[EXERCISE OBJECTIVE] Write out each line of the records that has "Align" in it.

[INPUT RECORDS]
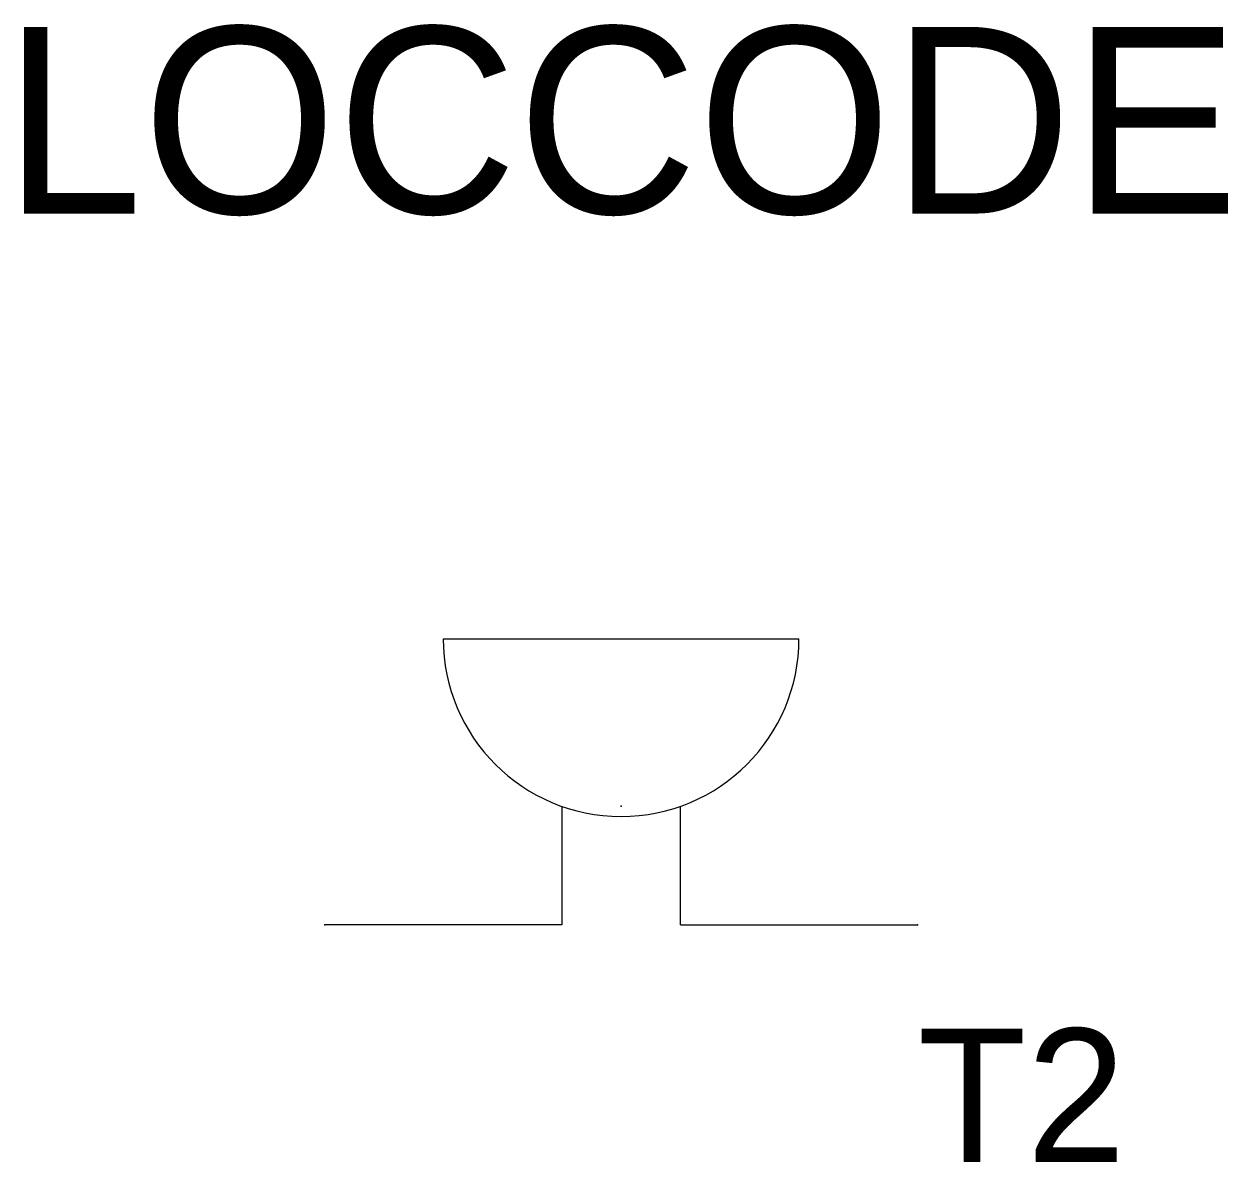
# Model space of a CAD drawing. Extents: x -10.1 to 10.2, y -4 to 15.2.
import ezdxf
from ezdxf.enums import TextEntityAlignment as Align

# ---------------------------------------------------------------- set-up
doc = ezdxf.new("R2010")
doc.units = 0
doc.layers.get('0').update_dxf_attribs({"linetype": 'CONTINUOUS'})
for name, color, linetype in [('A', 7, 'CONTINUOUS'), ('C', 6, 'CONTINUOUS'), ('T2', 1, 'CONTINUOUS')]:
    doc.layers.add(name, color=color, linetype=linetype)

msp = doc.modelspace()

# ---------------------------------------------------------------- linework, layer by layer
at = {"color": 0}
for p, q in [((-3, 4.828), (3, 4.828)), ((-1, 2), (-1, 0)), ((1, 0), (1, 2)), ((-1, 0), (-5, 0)), ((1, 0), (5, 0))]:
    msp.add_line(p, q, dxfattribs=at)
msp.add_arc((0, 4.828), 3, 180, 0, dxfattribs=at)
at = {"layer": 'A', "color": 0}
msp.add_point((0, 2), dxfattribs=at)
at = {"layer": 'C', "color": 0}
for p in [(-5, 0), (5, 0)]:
    msp.add_point(p, dxfattribs=at)

# ---------------------------------------------------------------- texts
at = {"color": 0, "linetype": 'CONTINUOUS'}
msp.add_attdef('LOCCODE', text='', height=3.15, dxfattribs=at).set_placement((0, 12), align=Align.CENTER)
at = {"layer": 'T2', "color": 0, "linetype": 'CONTINUOUS'}
msp.add_attdef('T2', (5, -4), '', height=2.25, dxfattribs=at)

doc.saveas('drawing.dxf')

[OUTPUT OF THE EXERCISE]
from ezdxf.enums import TextEntityAlignment as Align
msp.add_attdef('LOCCODE', text='', height=3.15, dxfattribs=at).set_placement((0, 12), align=Align.CENTER)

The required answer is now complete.